# St Barts Forums > St Barts Island Main Forum >  >  Guitar rental

## Cwater

Greetings St. Barth friends...did I read that there was a place to rent guitars on the Island?  Cheryl and I decided against bringing my Martin down.  Thanks

----------


## KevinS

I can tell you lots of places to rent a villa, a car, or a boat.  I'm unaware of anywhere which rents musical instruments of any sort.  If you do find somewhere, consider bringing an extra set of strings.  I don't know if there's anywhere to buy them on the island.

----------


## Cwater

Thanks all my best

----------


## Aimeric

> Greetings St. Barth friends...did I read that there was a place to rent guitars on the Island?  Cheryl and I decided against bringing my Martin down.  Thanks



Contact the company St Barth Provider. Maybe Aurelie will find it.

----------


## Cwater

Thanks

----------


## amyb

If you run into Soley or Bruno Magras, ask one of them.

----------


## GramChop

> If you run into Soley or Bruno Magras, ask them.

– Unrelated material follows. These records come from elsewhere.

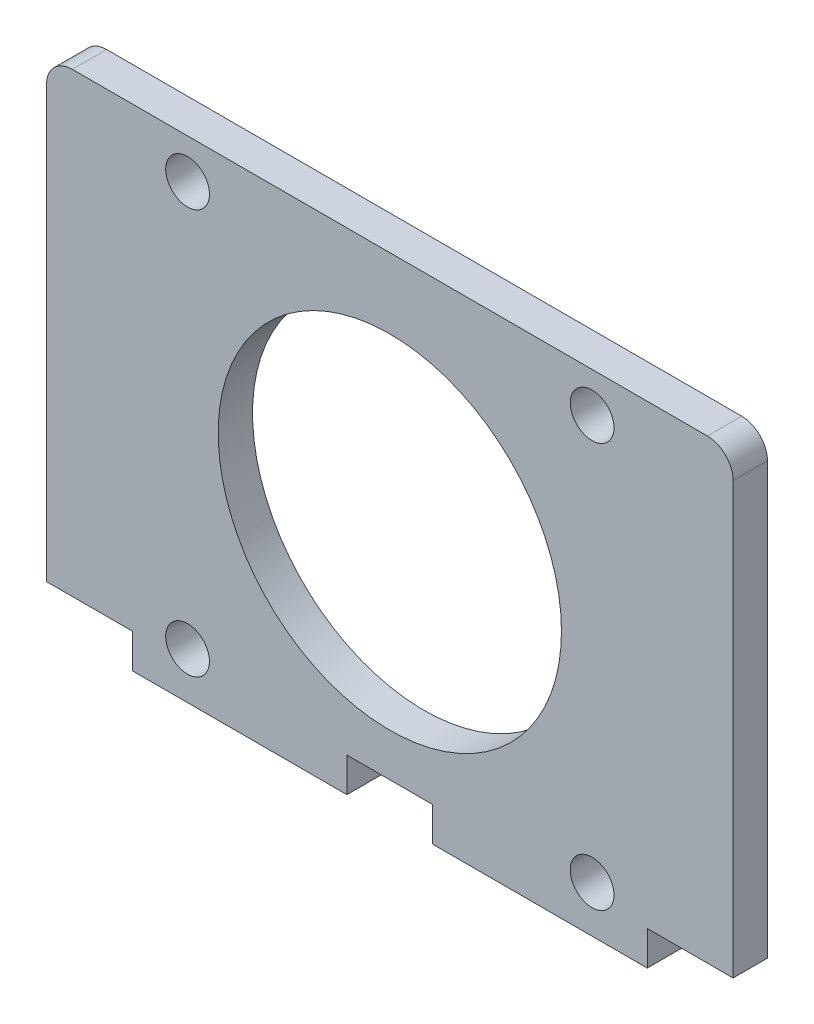
ISO-10303-21;
HEADER;
FILE_DESCRIPTION(('STEP AP214'),'2;1');
FILE_NAME('part.step','',(''),(''),'','','');
FILE_SCHEMA(('AUTOMOTIVE_DESIGN { 1 0 10303 214 1 1 1 1 }'));
ENDSEC;
DATA;
#1=APPLICATION_CONTEXT('core data for automotive mechanical design processes');
#2=APPLICATION_PROTOCOL_DEFINITION('international standard','automotive_design',2000,#1);
#3=PRODUCT_CONTEXT('',#1,'mechanical');
#4=PRODUCT('Part','Part','',(#3));
#5=PRODUCT_RELATED_PRODUCT_CATEGORY('part','',(#4));
#6=PRODUCT_DEFINITION_FORMATION('','',#4);
#7=PRODUCT_DEFINITION_CONTEXT('part definition',#1,'design');
#8=PRODUCT_DEFINITION('design','',#6,#7);
#9=PRODUCT_DEFINITION_SHAPE('','',#8);
#10=(LENGTH_UNIT() NAMED_UNIT(*) SI_UNIT(.MILLI.,.METRE.));
#11=(NAMED_UNIT(*) PLANE_ANGLE_UNIT() SI_UNIT($,.RADIAN.));
#12=(NAMED_UNIT(*) SI_UNIT($,.STERADIAN.) SOLID_ANGLE_UNIT());
#13=UNCERTAINTY_MEASURE_WITH_UNIT(LENGTH_MEASURE(1.E-05),#10,'distance_accuracy_value','');
#14=(GEOMETRIC_REPRESENTATION_CONTEXT(3) GLOBAL_UNCERTAINTY_ASSIGNED_CONTEXT((#13)) GLOBAL_UNIT_ASSIGNED_CONTEXT((#10,
#11,#12)) REPRESENTATION_CONTEXT('',''));
#15=CARTESIAN_POINT('',(0.,0.,0.));
#16=DIRECTION('',(0.,0.,1.));
#17=DIRECTION('',(1.,0.,0.));
#18=AXIS2_PLACEMENT_3D('',#15,#16,#17);
#19=CARTESIAN_POINT('',(0.,0.,4.));
#20=DIRECTION('',(0.,0.,1.));
#21=DIRECTION('',(1.,0.,0.));
#22=AXIS2_PLACEMENT_3D('',#19,#20,#21);
#23=PLANE('',#22);
#24=CARTESIAN_POINT('',(-23.5700000000001,-51.7699999999999,4.));
#25=DIRECTION('',(0.,0.,1.));
#26=DIRECTION('',(1.,0.,0.));
#27=AXIS2_PLACEMENT_3D('',#24,#25,#26);
#28=CIRCLE('',#27,2.55);
#29=CARTESIAN_POINT('',(-21.0200000000001,-51.7699999999999,4.));
#30=VERTEX_POINT('',#29);
#31=EDGE_CURVE('E484',#30,#30,#28,.T.);
#32=ORIENTED_EDGE('',*,*,#31,.F.);
#33=EDGE_LOOP('',(#32));
#34=FACE_BOUND('',#33,.T.);
#35=CARTESIAN_POINT('',(23.5700000000001,-4.63000000000012,4.));
#36=DIRECTION('',(0.,0.,1.));
#37=DIRECTION('',(1.,0.,0.));
#38=AXIS2_PLACEMENT_3D('',#35,#36,#37);
#39=CIRCLE('',#38,2.55);
#40=CARTESIAN_POINT('',(26.1200000000001,-4.63000000000012,4.));
#41=VERTEX_POINT('',#40);
#42=EDGE_CURVE('E496',#41,#41,#39,.T.);
#43=ORIENTED_EDGE('',*,*,#42,.F.);
#44=EDGE_LOOP('',(#43));
#45=FACE_BOUND('',#44,.T.);
#46=DIRECTION('',(-1.,0.,0.));
#47=VECTOR('',#46,1.);
#48=CARTESIAN_POINT('',(-40.,0.,4.));
#49=LINE('',#48,#47);
#50=CARTESIAN_POINT('',(37.,0.,4.));
#51=VERTEX_POINT('',#50);
#52=CARTESIAN_POINT('',(-37.,0.,4.));
#53=VERTEX_POINT('',#52);
#54=EDGE_CURVE('E179',#51,#53,#49,.T.);
#55=ORIENTED_EDGE('',*,*,#54,.T.);
#56=CARTESIAN_POINT('',(-37.,-3.,4.));
#57=DIRECTION('',(0.,0.,1.));
#58=DIRECTION('',(1.,0.,0.));
#59=AXIS2_PLACEMENT_3D('',#56,#57,#58);
#60=CIRCLE('',#59,3.);
#61=CARTESIAN_POINT('',(-40.,-3.,4.));
#62=VERTEX_POINT('',#61);
#63=EDGE_CURVE('E43',#53,#62,#60,.T.);
#64=ORIENTED_EDGE('',*,*,#63,.T.);
#65=DIRECTION('',(0.,-1.,0.));
#66=VECTOR('',#65,1.);
#67=CARTESIAN_POINT('',(-40.,0.,4.));
#68=LINE('',#67,#66);
#69=CARTESIAN_POINT('',(-40.,-53.2,4.));
#70=VERTEX_POINT('',#69);
#71=EDGE_CURVE('E137',#62,#70,#68,.T.);
#72=ORIENTED_EDGE('',*,*,#71,.T.);
#73=DIRECTION('',(1.,0.,0.));
#74=VECTOR('',#73,1.);
#75=CARTESIAN_POINT('',(-40.,-53.2,4.));
#76=LINE('',#75,#74);
#77=CARTESIAN_POINT('',(-30.,-53.2,4.));
#78=VERTEX_POINT('',#77);
#79=EDGE_CURVE('E140',#70,#78,#76,.T.);
#80=ORIENTED_EDGE('',*,*,#79,.T.);
#81=DIRECTION('',(0.,-1.,0.));
#82=VECTOR('',#81,1.);
#83=CARTESIAN_POINT('',(-30.,-53.2,4.));
#84=LINE('',#83,#82);
#85=CARTESIAN_POINT('',(-30.,-57.2,4.));
#86=VERTEX_POINT('',#85);
#87=EDGE_CURVE('E156',#78,#86,#84,.T.);
#88=ORIENTED_EDGE('',*,*,#87,.T.);
#89=DIRECTION('',(1.,0.,0.));
#90=VECTOR('',#89,1.);
#91=CARTESIAN_POINT('',(-30.,-57.2,4.));
#92=LINE('',#91,#90);
#93=CARTESIAN_POINT('',(-5.,-57.2,4.));
#94=VERTEX_POINT('',#93);
#95=EDGE_CURVE('E229',#86,#94,#92,.T.);
#96=ORIENTED_EDGE('',*,*,#95,.T.);
#97=DIRECTION('',(0.,1.,0.));
#98=VECTOR('',#97,1.);
#99=CARTESIAN_POINT('',(-5.,-57.2,4.));
#100=LINE('',#99,#98);
#101=CARTESIAN_POINT('',(-5.,-53.2,4.));
#102=VERTEX_POINT('',#101);
#103=EDGE_CURVE('E268',#94,#102,#100,.T.);
#104=ORIENTED_EDGE('',*,*,#103,.T.);
#105=DIRECTION('',(1.,0.,0.));
#106=VECTOR('',#105,1.);
#107=CARTESIAN_POINT('',(-5.,-53.2,4.));
#108=LINE('',#107,#106);
#109=CARTESIAN_POINT('',(5.,-53.2,4.));
#110=VERTEX_POINT('',#109);
#111=EDGE_CURVE('E272',#102,#110,#108,.T.);
#112=ORIENTED_EDGE('',*,*,#111,.T.);
#113=DIRECTION('',(0.,-1.,0.));
#114=VECTOR('',#113,1.);
#115=CARTESIAN_POINT('',(5.,-53.2,4.));
#116=LINE('',#115,#114);
#117=CARTESIAN_POINT('',(5.,-57.2,4.));
#118=VERTEX_POINT('',#117);
#119=EDGE_CURVE('E274',#110,#118,#116,.T.);
#120=ORIENTED_EDGE('',*,*,#119,.T.);
#121=DIRECTION('',(1.,0.,0.));
#122=VECTOR('',#121,1.);
#123=CARTESIAN_POINT('',(5.,-57.2,4.));
#124=LINE('',#123,#122);
#125=CARTESIAN_POINT('',(30.,-57.2,4.));
#126=VERTEX_POINT('',#125);
#127=EDGE_CURVE('E261',#118,#126,#124,.T.);
#128=ORIENTED_EDGE('',*,*,#127,.T.);
#129=DIRECTION('',(0.,1.,0.));
#130=VECTOR('',#129,1.);
#131=CARTESIAN_POINT('',(30.,-57.2,4.));
#132=LINE('',#131,#130);
#133=CARTESIAN_POINT('',(30.,-53.2,4.));
#134=VERTEX_POINT('',#133);
#135=EDGE_CURVE('E258',#126,#134,#132,.T.);
#136=ORIENTED_EDGE('',*,*,#135,.T.);
#137=DIRECTION('',(1.,0.,0.));
#138=VECTOR('',#137,1.);
#139=CARTESIAN_POINT('',(30.,-53.2,4.));
#140=LINE('',#139,#138);
#141=CARTESIAN_POINT('',(40.,-53.2,4.));
#142=VERTEX_POINT('',#141);
#143=EDGE_CURVE('E257',#134,#142,#140,.T.);
#144=ORIENTED_EDGE('',*,*,#143,.T.);
#145=DIRECTION('',(0.,1.,0.));
#146=VECTOR('',#145,1.);
#147=CARTESIAN_POINT('',(40.,-53.2,4.));
#148=LINE('',#147,#146);
#149=CARTESIAN_POINT('',(40.,-3.,4.));
#150=VERTEX_POINT('',#149);
#151=EDGE_CURVE('E180',#142,#150,#148,.T.);
#152=ORIENTED_EDGE('',*,*,#151,.T.);
#153=CARTESIAN_POINT('',(37.,-3.,4.));
#154=DIRECTION('',(0.,0.,1.));
#155=DIRECTION('',(1.,0.,0.));
#156=AXIS2_PLACEMENT_3D('',#153,#154,#155);
#157=CIRCLE('',#156,3.);
#158=EDGE_CURVE('E177',#150,#51,#157,.T.);
#159=ORIENTED_EDGE('',*,*,#158,.T.);
#160=EDGE_LOOP('',(#55,#64,#72,#80,#88,#96,#104,#112,#120,#128,#136,#144,#152,#159));
#161=FACE_BOUND('',#160,.T.);
#162=CARTESIAN_POINT('',(-23.5699999999999,-4.62999999999987,4.));
#163=DIRECTION('',(0.,0.,1.));
#164=DIRECTION('',(1.,0.,0.));
#165=AXIS2_PLACEMENT_3D('',#162,#163,#164);
#166=CIRCLE('',#165,2.55);
#167=CARTESIAN_POINT('',(-21.0199999999999,-4.62999999999987,4.));
#168=VERTEX_POINT('',#167);
#169=EDGE_CURVE('E265',#168,#168,#166,.T.);
#170=ORIENTED_EDGE('',*,*,#169,.F.);
#171=EDGE_LOOP('',(#170));
#172=FACE_BOUND('',#171,.T.);
#173=CARTESIAN_POINT('',(23.5699999999999,-51.7700000000001,4.));
#174=DIRECTION('',(0.,0.,1.));
#175=DIRECTION('',(1.,0.,0.));
#176=AXIS2_PLACEMENT_3D('',#173,#174,#175);
#177=CIRCLE('',#176,2.55);
#178=CARTESIAN_POINT('',(26.1199999999999,-51.7700000000001,4.));
#179=VERTEX_POINT('',#178);
#180=EDGE_CURVE('E490',#179,#179,#177,.T.);
#181=ORIENTED_EDGE('',*,*,#180,.F.);
#182=EDGE_LOOP('',(#181));
#183=FACE_BOUND('',#182,.T.);
#184=CARTESIAN_POINT('',(0.,-28.2,4.));
#185=DIRECTION('',(0.,0.,1.));
#186=DIRECTION('',(1.,0.,0.));
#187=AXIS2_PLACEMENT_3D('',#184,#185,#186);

To add to Amy's thought:  Cwater:  It might be worth shooting (Don) Soley a message via either Facebook or Instagram (@donsoley) and ask his advice.

----------


## Cwater

Thanks doing so now.

----------


## Skullface

I suppose that the most practical way is searching via Facebook. Of all the socials, it's the most powerful in selling and buying things. It's obvious that you find the guitar way faster through social media than a real offline store in a new country. It would be better if we would share accounts that can propose such an offer here. Maybe this way, you will be able to find your guitar without wasting your time searching through google. I like playing the guitar and can advise you on something so that you can write to me in private messages and we'll discuss it. The one thing I want to share is that recently I found a site with the coolest guitar accessories in the whole world.

----------


## mattdinzey

I've taken my Larrivee parlor guitar to St. Barths a few times. It's small enough to fit in the overhead bin, and it sounds great, too!

----------


## JEK

So what did Cwater do, over three years ago? Inquiring minds are always interested in resurrected threads  :cool:

----------


## ouanalao

> Greetings St. Barth friends...did I read that there was a place to rent guitars on the Island?  Cheryl and I decided against bringing my Martin down.  Thanks



Look for Vincent Gumbs (St Barth Sound System) on facebook, you might have a chance... The guitar shop at La Pointe is gone long time ago..

----------